Another admirable thing about the film is the way John’s parents are developed over the course of the film as we see them mature and find their proper mates. Too late for poor Elton to be properly loved as a child, but soon enough to make them human. In Rhapsody, we get that phony little moment where the father makes the standard non-apology apology just before Mercury’s Live Aid performance to make some unspecified peace so we can have our phony emotional moment. This fleshing out of the singer’s parents helps instill in Rocketman a sense of honesty that’s refreshing for a musical biopic.

Rocketman isn’t without clichés, historical inaccuracies and dishonest stabs at myth making: Typical of biopics, characters are combined and chronologies altered for narrative convenience; Unlike in the film, John didn’t take his name from John Lennon; And many of the songs are performed and/ or mentioned before they were even written. But these things are overshadowed by the film’s emotional honesty and they’re staged with such imagination, humor and wit, that it doesn’t matter. The big difference is that Rhapsody pretended to be real, whereas Rocketman establishes itself, from its opening frames, as John’s own subjective fantasy version of his life, not a factual chronical.

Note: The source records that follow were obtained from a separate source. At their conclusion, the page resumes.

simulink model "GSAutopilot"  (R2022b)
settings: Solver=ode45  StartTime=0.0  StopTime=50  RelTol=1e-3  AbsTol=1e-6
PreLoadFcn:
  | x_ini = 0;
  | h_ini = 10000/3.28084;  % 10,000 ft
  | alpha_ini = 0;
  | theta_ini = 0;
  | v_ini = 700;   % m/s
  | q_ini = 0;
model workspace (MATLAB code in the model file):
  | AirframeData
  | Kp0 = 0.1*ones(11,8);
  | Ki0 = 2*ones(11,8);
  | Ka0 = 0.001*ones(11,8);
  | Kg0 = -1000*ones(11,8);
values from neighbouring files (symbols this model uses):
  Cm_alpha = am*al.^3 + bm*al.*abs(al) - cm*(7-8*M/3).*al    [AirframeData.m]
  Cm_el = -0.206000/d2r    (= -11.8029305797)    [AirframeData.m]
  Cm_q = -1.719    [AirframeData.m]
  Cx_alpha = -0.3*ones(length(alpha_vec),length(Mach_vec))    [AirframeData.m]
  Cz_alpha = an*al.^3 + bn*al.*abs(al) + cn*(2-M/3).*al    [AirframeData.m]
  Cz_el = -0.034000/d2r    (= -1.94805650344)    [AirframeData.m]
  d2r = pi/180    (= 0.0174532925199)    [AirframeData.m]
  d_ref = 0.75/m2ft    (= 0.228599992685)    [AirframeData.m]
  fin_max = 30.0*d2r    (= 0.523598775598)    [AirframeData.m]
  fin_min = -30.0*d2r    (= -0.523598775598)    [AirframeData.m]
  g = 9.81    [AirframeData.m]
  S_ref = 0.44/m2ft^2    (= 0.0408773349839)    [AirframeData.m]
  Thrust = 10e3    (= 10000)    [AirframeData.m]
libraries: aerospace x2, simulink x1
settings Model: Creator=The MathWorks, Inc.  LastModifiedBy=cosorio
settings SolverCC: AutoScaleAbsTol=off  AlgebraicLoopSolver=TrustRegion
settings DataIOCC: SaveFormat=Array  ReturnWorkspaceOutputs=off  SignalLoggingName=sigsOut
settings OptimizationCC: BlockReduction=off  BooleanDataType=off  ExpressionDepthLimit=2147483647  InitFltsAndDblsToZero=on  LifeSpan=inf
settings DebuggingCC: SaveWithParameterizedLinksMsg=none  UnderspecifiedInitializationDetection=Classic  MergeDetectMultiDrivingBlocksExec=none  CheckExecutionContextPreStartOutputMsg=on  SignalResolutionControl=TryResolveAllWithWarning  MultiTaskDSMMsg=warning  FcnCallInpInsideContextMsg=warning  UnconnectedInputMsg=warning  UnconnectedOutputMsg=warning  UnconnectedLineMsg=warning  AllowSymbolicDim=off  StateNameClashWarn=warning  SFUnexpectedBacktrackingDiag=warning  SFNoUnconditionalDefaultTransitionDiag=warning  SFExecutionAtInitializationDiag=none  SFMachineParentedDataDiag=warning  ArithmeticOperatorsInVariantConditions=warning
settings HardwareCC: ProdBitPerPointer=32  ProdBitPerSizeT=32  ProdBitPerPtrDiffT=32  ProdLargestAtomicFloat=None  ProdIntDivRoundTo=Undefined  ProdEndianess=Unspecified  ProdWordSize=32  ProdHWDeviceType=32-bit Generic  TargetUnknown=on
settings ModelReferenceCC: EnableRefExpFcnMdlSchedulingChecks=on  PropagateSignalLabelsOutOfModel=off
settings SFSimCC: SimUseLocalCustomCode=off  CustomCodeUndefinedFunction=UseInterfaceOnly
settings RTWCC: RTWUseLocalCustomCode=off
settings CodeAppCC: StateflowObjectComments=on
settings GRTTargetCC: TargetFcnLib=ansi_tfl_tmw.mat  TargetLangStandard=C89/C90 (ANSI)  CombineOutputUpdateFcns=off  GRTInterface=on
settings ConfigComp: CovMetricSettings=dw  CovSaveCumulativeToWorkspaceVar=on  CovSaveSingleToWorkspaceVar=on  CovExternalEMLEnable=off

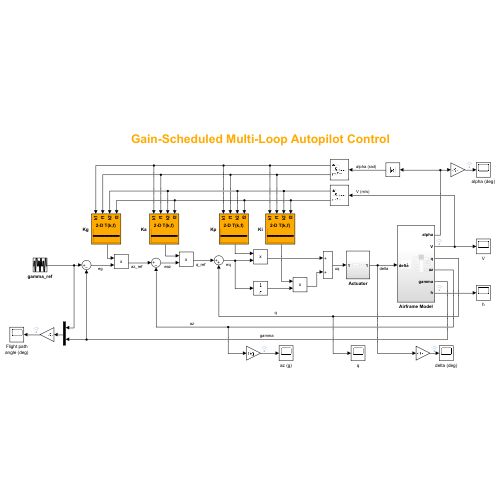
[thumbnail: Simulink's stored preview of the top-level diagram]
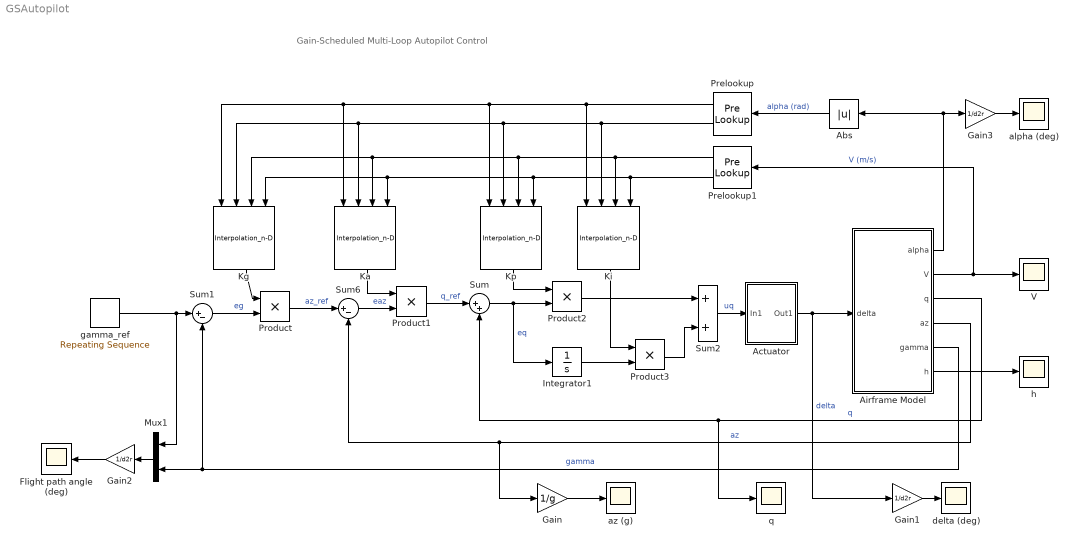
== system GSAutopilot ==
  note: Gain-Scheduled Multi-Loop Autopilot Control
  Abs : Abs  SaturateOnIntegerOverflow=off
  Actuator : Subsystem
  Airframe Model : Subsystem
  Flight path angle (deg) : Scope
  Gain : Gain  Gain=1/g
  Gain1 : Gain  Gain=1/d2r
  Gain2 : Gain  Gain=1/d2r
  Gain3 : Gain  Gain=1/d2r
  Integrator1 : Integrator
  Ka : Interpolation_n-D  Table=Ka0  InternalRulePriority=Speed
  Kg : Interpolation_n-D  Table=Kg0  InternalRulePriority=Speed
  Ki : Interpolation_n-D  Table=Ki0  InternalRulePriority=Speed
  Kp : Interpolation_n-D  Table=Kp0  InternalRulePriority=Speed
  Mux1 : Mux  Inputs=2
  Prelookup : PreLookup  BreakpointsData=(0:2:20)*(pi/180)  ExtrapMethod=Linear
  Prelookup1 : PreLookup  BreakpointsData=700:100:1400  ExtrapMethod=Linear
  Product{,1..3} (4 alike) : Product
  Sum : Sum  Inputs=|++  SaturateOnIntegerOverflow=on
  Sum1 : Sum  Inputs=|+-  SaturateOnIntegerOverflow=on
  Sum2 : Sum  SaturateOnIntegerOverflow=on
  Sum6 : Sum  Inputs=|+-  SaturateOnIntegerOverflow=on
  V : Scope
  alpha (deg) : Scope
  az (g) : Scope
  delta (deg) : Scope
  gamma_ref : simulink/Sources/Repeating Sequence  rep_seq_t=[0 6 8 16 20 26 32 40 44 50]  rep_seq_y=[0 0 pi/6 pi/6 -pi/6 -pi/6 pi/4 pi/4 0 0]
  h : Scope
  q : Scope
  wires:
  Sum/1 -> Product2/2, Integrator1/1  "eq"
  Product3/1 -> Sum2/2
  Airframe Model/4(az) -> Gain/1, Sum6/2  "az"
  Airframe Model/1(alpha) -> Abs/1, Gain3/1
  Product2/1 -> Sum2/1
  Product1/1 -> Sum/1  "q_ref"
  Sum6/1 -> Product1/2  "eaz"
  Actuator/1(Out1) -> Airframe Model/1(delta), Gain1/1  "delta"
  Product/1 -> Sum6/1  "az_ref"
  Sum1/1 -> Product/2  "eg"
  Airframe Model/5(gamma) -> Mux1/2, Sum1/2  "gamma"
  Sum2/1 -> Actuator/1(In1)  "uq"
  Airframe Model/3(q) -> q/1, Sum/2  "q"
  gamma_ref/1 -> Sum1/1, Mux1/1
  Gain/1 -> az (g)/1
  Gain1/1 -> delta (deg)/1
  Mux1/1 -> Gain2/1
  Gain2/1 -> Flight path angle (deg)/1
  Gain3/1 -> alpha (deg)/1
  Airframe Model/2(V) -> Prelookup1/1, V/1  "V (m/s)"
  Airframe Model/6(h) -> h/1
  Kg/1 -> Product/1
  Ka/1 -> Product1/1
  Integrator1/1 -> Product3/2
  Kp/1 -> Product2/1
  Ki/1 -> Product3/1
  Abs/1 -> Prelookup/1  "alpha (rad)"
  Prelookup/1 -> Ka/1, Kg/1, Kp/1, Ki/1
  Prelookup/2 -> Ki/2, Kp/2, Ka/2, Kg/2
  Prelookup1/1 -> Kp/3, Kg/3, Ka/3, Ki/3
  Prelookup1/2 -> Ki/4, Kg/4, Ka/4, Kp/4

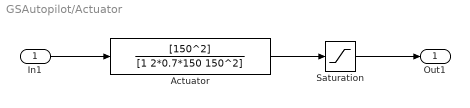
== system GSAutopilot/Actuator ==
  In1 : Inport
  Actuator : TransferFcn  Numerator=[150^2]  Denominator=[1 2*0.7*150 150^2]
  Saturation : Saturate  UpperLimit=fin_max  LowerLimit=fin_min
  Out1 : Outport  VectorParamsAs1DForOutWhenUnconnected=off
  wires:
  Actuator/1 -> Saturation/1
  In1/1 -> Actuator/1
  Saturation/1 -> Out1/1

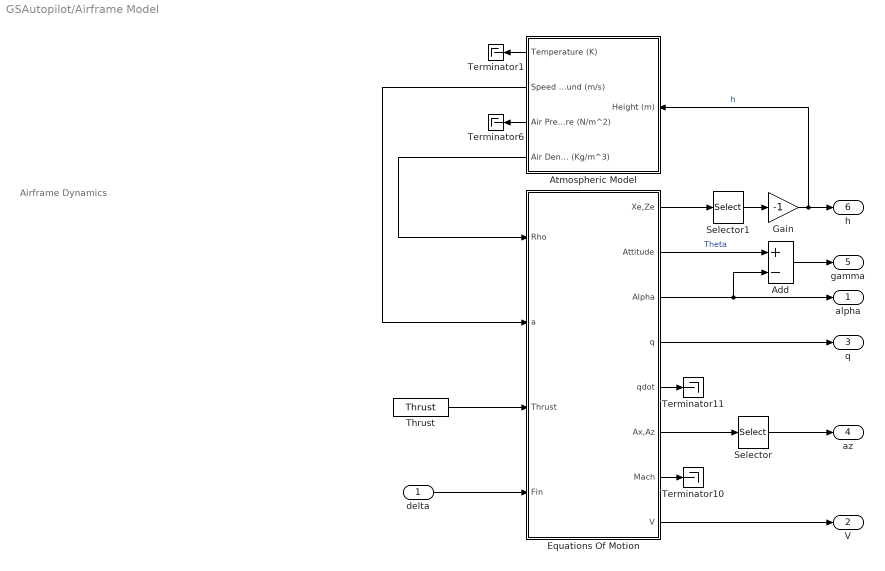
== system GSAutopilot/Airframe Model ==
  note: Airframe Dynamics
  delta : Inport
  Add : Sum  Inputs=+-
  Atmospheric Model : Subsystem  mask(Atmosphere Model){}
      mask help: Compute International Standard Atmosphere (ISA) model for altitudes between 0 Km and 20 Km.
      mask init:
      | g=9.80665; % m/s
      | gamma = 1.4;
      | R = 287.0531; %J/Kg/K
      | L = 0.0065; % K/m
      | h_trop = 11000; % m
      | rho0 = 1.225; %Kg/m^3
      | P0 = 101325; % Pa
      | T0 = 288.15; % K
      mask Help:
      | <p>This block contains the International Standard Atmosphere (ISA) model for altitudes between 0 and 20 Km.  If the height input is greater than 20 Km, the height will be limited to 20 Km.</p>
      | 
      | <p><H4>Block Input</H4>
      | <ul>
      |     <li>Height - Altitude in meters</li>
      | </ul>
      | </p>
      | <p><H4>Block Outputs</H4>
      | <ul>
      |     <li>Temperature - in degree Kelvin</li>
      |     <li>Speed of Sound - in meters/second</li>
      |     <li>Air Pressure - in Pascals</li>
      |     <li>Air Density - in kilograms/meter</li>
      | </ul>
      | </p>
  Equations Of Motion : Subsystem
  Gain : Gain  Gain=-1
  Selector : Selector  InputPortWidth=2  IndexOptions=Index vector (dialog)  Indices=[2]  OutputSizes=1
  Selector1 : Selector  InputPortWidth=2  IndexOptions=Index vector (dialog)  Indices=[2]  OutputSizes=1
  Terminator{1,6,10..11} (4 alike) : Terminator
  Thrust : Constant  Value=Thrust
  alpha : Outport  InitialOutput=0  VectorParamsAs1DForOutWhenUnconnected=off
  V : Outport  Port=2  InitialOutput=0  VectorParamsAs1DForOutWhenUnconnected=off
  q : Outport  Port=3  InitialOutput=0  VectorParamsAs1DForOutWhenUnconnected=off
  az : Outport  Port=4  InitialOutput=0  VectorParamsAs1DForOutWhenUnconnected=off
  gamma : Outport  Port=5  InitialOutput=0  VectorParamsAs1DForOutWhenUnconnected=off
  h : Outport  Port=6  InitialOutput=0  VectorParamsAs1DForOutWhenUnconnected=off
  wires:
  Atmospheric Model/1(Temperature (K)) -> Terminator1/1
  Atmospheric Model/3("Air Pressure (N/m^2) ") -> Terminator6/1
  delta/1 -> Equations Of Motion/4(Fin)
  Equations Of Motion/8(V) -> V/1
  Selector/1 -> az/1
  Atmospheric Model/2("Speed of Sound (m/s) ") -> Equations Of Motion/2(a)
  Atmospheric Model/4(Air Density (Kg/m^3)) -> Equations Of Motion/1(Rho)
  Equations Of Motion/7(Mach) -> Terminator10/1
  Equations Of Motion/5(qdot) -> Terminator11/1
  Equations Of Motion/4(q) -> q/1
  Thrust/1 -> Equations Of Motion/3(Thrust)
  Equations Of Motion/3(Alpha) -> alpha/1, Add/2
  Equations Of Motion/6(Ax,Az) -> Selector/1
  Equations Of Motion/2(Attitude) -> Add/1  "Theta"
  Add/1 -> gamma/1
  Equations Of Motion/1(Xe,Ze) -> Selector1/1
  Selector1/1 -> Gain/1
  Gain/1 -> Atmospheric Model/1(Height (m)), h/1  "h"

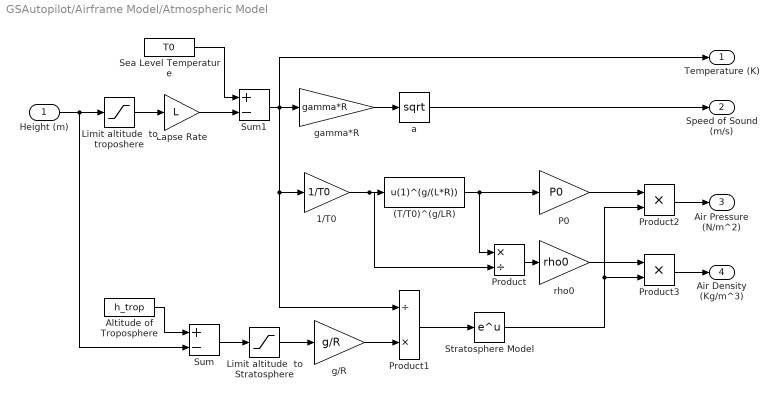
== system GSAutopilot/Airframe Model/Atmospheric Model ==
  Height (m) : Inport
  (T/T0)^(g/LR) : Fcn  Expr=u(1)^(g/(L*R))
  1/T0 : Gain  Gain=1/T0  SaturateOnIntegerOverflow=on  OutDataTypeStr=Inherit: Same as input  ParamDataTypeStr=Inherit: Same as input
  Altitude of Troposphere : Constant  Value=h_trop
  Lapse Rate : Gain  Gain=L  SaturateOnIntegerOverflow=on  OutDataTypeStr=Inherit: Same as input  ParamDataTypeStr=Inherit: Same as input
  Limit altitude  to Stratosphere : Saturate  UpperLimit=0  LowerLimit=h_trop-20000
  Limit altitude  to troposhere : Saturate  UpperLimit=h_trop  LowerLimit=0
  P0 : Gain  Gain=P0  SaturateOnIntegerOverflow=on  OutDataTypeStr=Inherit: Same as input  ParamDataTypeStr=Inherit: Same as input
  Product : Product  Inputs=*/  InputSameDT=on  RndMeth=Zero  SaturateOnIntegerOverflow=on  OutDataTypeStr=Inherit: Same as first input
  Product1 : Product  Inputs=/*  InputSameDT=on  RndMeth=Zero  SaturateOnIntegerOverflow=on  OutDataTypeStr=Inherit: Same as first input
  Product2 : Product  InputSameDT=on  RndMeth=Zero  SaturateOnIntegerOverflow=on  OutDataTypeStr=Inherit: Same as first input
  Product3 : Product  InputSameDT=on  RndMeth=Zero  SaturateOnIntegerOverflow=on  OutDataTypeStr=Inherit: Same as first input
  Sea Level Temperature : Constant  Value=T0
  Stratosphere Model : Math  SignedPower=on
  Sum : Sum  Inputs=+-  InputSameDT=on  SaturateOnIntegerOverflow=on  OutDataTypeStr=Inherit: Same as first input
  Sum1 : Sum  Inputs=+-  InputSameDT=on  SaturateOnIntegerOverflow=on  OutDataTypeStr=Inherit: Same as first input
  a : Math  Operator=sqrt  SignedPower=on
  g/R : Gain  Gain=g/R  SaturateOnIntegerOverflow=on  OutDataTypeStr=Inherit: Same as input  ParamDataTypeStr=Inherit: Same as input
  gamma*R : Gain  Gain=gamma*R  SaturateOnIntegerOverflow=on  OutDataTypeStr=Inherit: Same as input  ParamDataTypeStr=Inherit: Same as input
  rho0 : Gain  Gain=rho0  SaturateOnIntegerOverflow=on  OutDataTypeStr=Inherit: Same as input  ParamDataTypeStr=Inherit: Same as input
  Temperature (K) : Outport  InitialOutput=0  VectorParamsAs1DForOutWhenUnconnected=off
  "Speed of Sound (m/s) " : Outport  Port=2  InitialOutput=0  VectorParamsAs1DForOutWhenUnconnected=off
  "Air Pressure (N/m^2) " : Outport  Port=3  InitialOutput=0  VectorParamsAs1DForOutWhenUnconnected=off
  Air Density (Kg/m^3) : Outport  Port=4  InitialOutput=0  VectorParamsAs1DForOutWhenUnconnected=off
  wires:
  Limit altitude  to Stratosphere/1 -> g/R/1
  Sum/1 -> Limit altitude  to Stratosphere/1
  Altitude of Troposphere/1 -> Sum/1
  Product1/1 -> Stratosphere Model/1
  g/R/1 -> Product1/2
  Stratosphere Model/1 -> Product3/2, Product2/2
  Product3/1 -> Air Density (Kg/m^3)/1
  rho0/1 -> Product3/1
  Product2/1 -> "Air Pressure (N/m^2) "/1
  P0/1 -> Product2/1
  Sea Level Temperature/1 -> Sum1/1
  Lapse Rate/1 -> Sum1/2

I’m at a loss to explain why a mediocre picture like Bohemian Rhapsody became a box office mega-hit, while Rocketman, though it did perform well, was no blockbuster. It’s even more of a head scratcher how the film earned a best picture Oscar nomination. That’s partly I think, because Queen’s music connects with today’s young audiences more than John and Taupin’s more traditional pop tunes. And the Oscars best picture category has always valued box office over artistry. And Rhapsody, of course, had Rami Malek, in a magnetic bit of Oscar winning mimicry, to put it over the top.

Egerton may not quite have the screen charisma of Malek, but his Elton John is more nuanced than Malek’s Mercury. It’s questionable whether he’ll get an Oscar nomination for his work, despite his Golden Globe win earlier this week. The Globes have a special category for musicals and comedies meaning there are 10 best actor nominees instead of the Oscar’s five. But he’s entirely convincing throughout the film (note the strange cocaine “grimaces” in his doped-out scenes). But to be honest, he isn’t really the star here anyway. The true stars of Rocketman are the music, the stunning reproductions of John’s famously outlandish costumes, and above all the brilliant collaboration of Fletcher and Hall, who’s dramatic, often theatrical sense of staging frequently enthralls. There are visual ideas in the film that gave me goosebumps. Ironically, Fletcher was called in to finish directing Rhapsody after alleged sleazebag Bryan Singer was fired in the wake of media outrage. One can only dream about what Hall and Fletcher might have done if they had creative control over that film.

If in the end, the two films tell the same clichéd old-Hollywood tale of a brilliant artist compelled toward self-destruction, Rocketman, at the very least, provides a vastly entertaining, danceable entertainment. At its best it paints a compelling portrait of a man struggling to learn to love himself, something most addicts, including the late Mercury would relate to. It’s inspired filmmaking that proves yet again that it’s not just the story that matters, but the way it’s told.